Ich denke aber auch - natürlich vorkommende Nahrung ist immer ein Versuch Wert!
Fraglich nur die Präsentation -> damit sich der Hakenköder von dem Restlichen "überangebot" herausheben kann musst du dir schon was einfallen lassen...


----------



## OnTheMove (4. September 2006)

*AW: Eicheln als Köder?*

ich kann es mir gut vorstellen, denn sind wir mal ehrlich, sich karpfen ja auch Unterwasser-Wildschweine (zumindest machen meinche an der rute druck wie ein Eber) 

Teste es doch einfach mal aus! Denn nur wer wagt der gewinnt !!!

Und wenn es klappt, sag bite bescheid


----------



## Leif (4. September 2006)

*AW: Eicheln als Köder?*

Hi du.

Diese Frage wurde mal in der Angelwoche an den Pelzer gestellt.
Er hielt es für richtig, da er schon öfters Karpfen gefangen hat, die Eichenschalen ausgeschieden haben.
Allerdings würden seiner Meinung nach Karpfen die Boilies eher fressen.


----------



## NorbertF (4. September 2006)

*AW: Eicheln als Köder?*

Kann ich mir nicht vorstellen. Vielleicht wenn sie WIRKLICH Hunger haben.
Eicheln schmecken extrem bitter, denke dass du da mit anderen Ködern wesentlich besser fährst.


----------



## Klaus S. (4. September 2006)

*AW: Eicheln als Köder?*



NorbertF schrieb:


> Eicheln schmecken extrem bitter...


 
Mein Weib mag sie auch nicht aber woher weißt DU das??? :m


----------



## havkat (4. September 2006)

*AW: Eicheln als Köder?*

Moin!

Vom (modernen) Karpfenangeln hab ich keinen Plan, aber Wildsauen begegne ich ab und zu. 

Besonders wenn die Eichen richtig Mast tragen und abwerfen.

Stimmt: Der Karpfen ist die Wildsau im Wasser. Absoluter Nahrungsopportunist.

Stimmt: Eicheln enthalten ´ne Menge Bitterstoffe.

Aber die Sauen an Land lieben sie über alles.

Weil: Extrem nahrhaft!

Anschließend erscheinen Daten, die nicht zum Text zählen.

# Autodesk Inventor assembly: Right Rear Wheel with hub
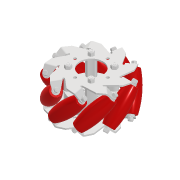
[picture p0: Inventor's stored thumbnail of the model, 180x180]
Saved by Autodesk Inventor 2020 (Build 240168000, 168)
## iProperties
Created: 2020-02-22
Part Number: Right Rear Wheel with hub
Document SubType Name: Assembly
Designer: ball
Author: ball
## Documents named in this file (5)
- C:\FTC\FTC8863CAD\2019 Robot\Mecanum Drive Train Metal\Right Rear Wheel with hub.iam
- C:\FTC\FTC8863CAD\GoBilda\1310 Parts\1310-0016-4008 assembly.ipt
- C:\FTC\FTC8863CAD\StepLibraries\Screws\M4 x 22 SOCKET HEAD CAP SCREW.ipt
- C:\FTC\FTC8863CAD\StepLibraries\Washers\M4 FLAT WASHER.ipt
- C:\FTC\FTC8863CAD\GoBilda\3213 Parts\3606-0000-0100 assembly.iam
## Components (10 placed, 4 different names)
1. 3606-0000-0100 assembly:1 [sub-assembly] — Mate:1, Mate:2, Mate:3, Mate:12, Mate:13, Mate:14, Mate:15, Mate:18, Mate:19, Mate:22, Mate:23
2. 1310-0016-4008 assembly:1 — Mate:1, Mate:2, Mate:3
3. M4 x 22 SOCKET HEAD CAP SCREW:1 — Mate:13
4. M4 FLAT WASHER:1 — Mate:12
5. M4 x 22 SOCKET HEAD CAP SCREW:3 — Mate:19
6. M4 FLAT WASHER:3 — Mate:18
7. M4 x 22 SOCKET HEAD CAP SCREW:4 — Mate:15
8. M4 FLAT WASHER:4 — Mate:14
9. M4 x 22 SOCKET HEAD CAP SCREW:5 — Mate:23
10. M4 FLAT WASHER:5 — Mate:22
## Relationships (19: Mate 19)
- Mate:1: 3606-0000-0100 assembly:1 ↔ 1310-0016-4008 assembly:1
- Mate:2: 3606-0000-0100 assembly:1 ↔ 1310-0016-4008 assembly:1
- Mate:3: 3606-0000-0100 assembly:1 ↔ 1310-0016-4008 assembly:1
- [Mate]: M4 x 22 SOCKET HEAD CAP SCREW:1 ↔ M4 FLAT WASHER:1
- [Mate]: M4 x 22 SOCKET HEAD CAP SCREW:1 ↔ M4 FLAT WASHER:1
- [Mate]: M4 x 22 SOCKET HEAD CAP SCREW:3 ↔ M4 FLAT WASHER:3
- [Mate]: M4 x 22 SOCKET HEAD CAP SCREW:3 ↔ M4 FLAT WASHER:3
- [Mate]: M4 x 22 SOCKET HEAD CAP SCREW:4 ↔ M4 FLAT WASHER:4
- [Mate]: M4 x 22 SOCKET HEAD CAP SCREW:4 ↔ M4 FLAT WASHER:4
- Mate:12: 3606-0000-0100 assembly:1 ↔ M4 FLAT WASHER:1
- Mate:13: 3606-0000-0100 assembly:1 ↔ M4 x 22 SOCKET HEAD CAP SCREW:1
- Mate:14: 3606-0000-0100 assembly:1 ↔ M4 FLAT WASHER:4
- Mate:15: 3606-0000-0100 assembly:1 ↔ M4 x 22 SOCKET HEAD CAP SCREW:4
- Mate:18: 3606-0000-0100 assembly:1 ↔ M4 FLAT WASHER:3
- Mate:19: 3606-0000-0100 assembly:1 ↔ M4 x 22 SOCKET HEAD CAP SCREW:3
- [Mate]: M4 x 22 SOCKET HEAD CAP SCREW:5 ↔ M4 FLAT WASHER:5
- [Mate]: M4 x 22 SOCKET HEAD CAP SCREW:5 ↔ M4 FLAT WASHER:5
- Mate:22: 3606-0000-0100 assembly:1 ↔ M4 FLAT WASHER:5
- Mate:23: 3606-0000-0100 assembly:1 ↔ M4 x 22 SOCKET HEAD CAP SCREW:5
## Named parameters: d14_d12 = 0 mm, d15_d13 = 0 mm, d37_d14_d12 = 0 mm, d38_d15_d13 = 0 mm, d39_d14_d12 = 0 mm, d40_d15_d13 = 0 mm, d49_d14_d12 = 0 mm, d50_d15_d13 = 0 mm
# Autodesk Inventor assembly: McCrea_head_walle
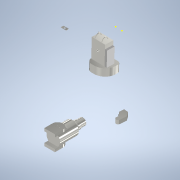
[picture p0: Inventor's stored thumbnail of the model, 180x180]
Saved by Autodesk Inventor 2022 (Build 260153000, 153)
## iProperties
Created: 2022-01-20
Part Number: McCrea_head_walle
Document SubType Name: Assembly
Designer: MatusBarany
Author: MatusBarany
## Documents named in this file (13)
- C:\Users\Max\Documents\Škola\teg\wall-e\assembly\McCrea_head_walle.iam
- C:\Users\Max\Documents\Škola\teg\wall-e\maxo\McCrea_kabel_walle.ipt
- C:\Users\Max\Documents\Škola\teg\wall-e\maxo\McCrea_krk_walle.ipt
- C:\Users\Max\Documents\Škola\teg\wall-e\maxo\McCrea_oblucik_walle.ipt
- C:\Users\Max\Documents\Škola\teg\wall-e\maxo\McCrea_oko_walle.ipt
- C:\Users\Max\Documents\Škola\teg\wall-e\maxo\McCrea_palicka_walle.ipt
- C:\Users\Max\Documents\Škola\teg\wall-e\maxo\McCrea_uhco_walle.ipt
- C:\Users\Max\Documents\Škola\teg\wall-e\maxo\McCrea_velka_palicka_walle.ipt
- C:\Users\Max\Documents\Škola\teg\wall-e\maxo\McCrea_velka_palicka_walle_1.ipt
- C:\Users\Max\Documents\Škola\teg\wall-e\maxo\McCrea_velky_krk_walle.ipt
- C:\Users\Max\Documents\Škola\teg\wall-e\maxo\McCrea_zadna_cast_oka_walle.ipt
- C:\Users\Max\Documents\Škola\teg\wall-e\maxo\McCrea_zadne_oko_walle.ipt
- C:\Users\Max\Documents\Škola\teg\wall-e\maxo\McCrea_doska_walle.ipt
## Components (15 placed, 12 different names)
1. McCrea_krk_walle:1 — Rigid:1, Rigid:2
2. McCrea_oblucik_walle:1 — Rotational:2, Rigid:2
3. McCrea_palicka_walle:1 — Rotational:1
4. McCrea_uhco_walle:1 — Mate:2, Flush:1
5. McCrea_zadna_cast_oka_walle:1 — Rigid:3, Mate:1
6. McCrea_kabel_walle:2 — Mate:3
7. McCrea_oblucik_walle:2 — Rotational:1, Rigid:1
8. McCrea_oko_walle:2 — Rigid:3
9. McCrea_palicka_walle:2 — Rotational:2
10. McCrea_velka_palicka_walle:2
11. McCrea_velka_palicka_walle_1:2 — Rotational:3
12. McCrea_velky_krk_walle:2
13. McCrea_zadne_oko_walle:2 — Mate:1, Mate:2, Flush:1, Mate:3, Rotational:3, Mate:4
14. McCrea_kabel_walle:3 — Mate:4
15. McCrea_doska_walle:1
## Relationships (11: Mate 4, RevoluteJoint 3, WeldJoint 3, Flush 1)
- Rotational:1 [RevoluteJoint]: McCrea_palicka_walle:1 ↔ McCrea_oblucik_walle:2
- Rigid:1 [WeldJoint]: McCrea_krk_walle:1 ↔ McCrea_oblucik_walle:2
- Rotational:2 [RevoluteJoint]: McCrea_oblucik_walle:1 ↔ McCrea_palicka_walle:2
- Rigid:2 [WeldJoint]: McCrea_krk_walle:1 ↔ McCrea_oblucik_walle:1
- Rigid:3 [WeldJoint]: McCrea_zadna_cast_oka_walle:1 ↔ McCrea_oko_walle:2
- Mate:1: McCrea_zadna_cast_oka_walle:1 ↔ McCrea_zadne_oko_walle:2
- Mate:2: McCrea_uhco_walle:1 ↔ McCrea_zadne_oko_walle:2
- Flush:1: McCrea_uhco_walle:1 ↔ McCrea_zadne_oko_walle:2
- Mate:3: McCrea_kabel_walle:2 ↔ McCrea_zadne_oko_walle:2
- Rotational:3 [RevoluteJoint]: McCrea_velka_palicka_walle_1:2 ↔ McCrea_zadne_oko_walle:2
- Mate:4: McCrea_zadne_oko_walle:2 ↔ McCrea_kabel_walle:3

Die Schweinchen werden rund und fett wie ´ne Mettwurst.

Ich denke, dass der hohe Nährstoffgehalt den Karpfen anzieht, wenn der den "Köder" erst mal kennengelernt hat.

Man könnte die Eicheln auch trocknen, mahlen und anrösten.
Das verringert den Bittergeschmack.

Das ganze dann zu Boilies verarbeiten und unter Randeichen, die ins Wasser "abgeben" anbieten?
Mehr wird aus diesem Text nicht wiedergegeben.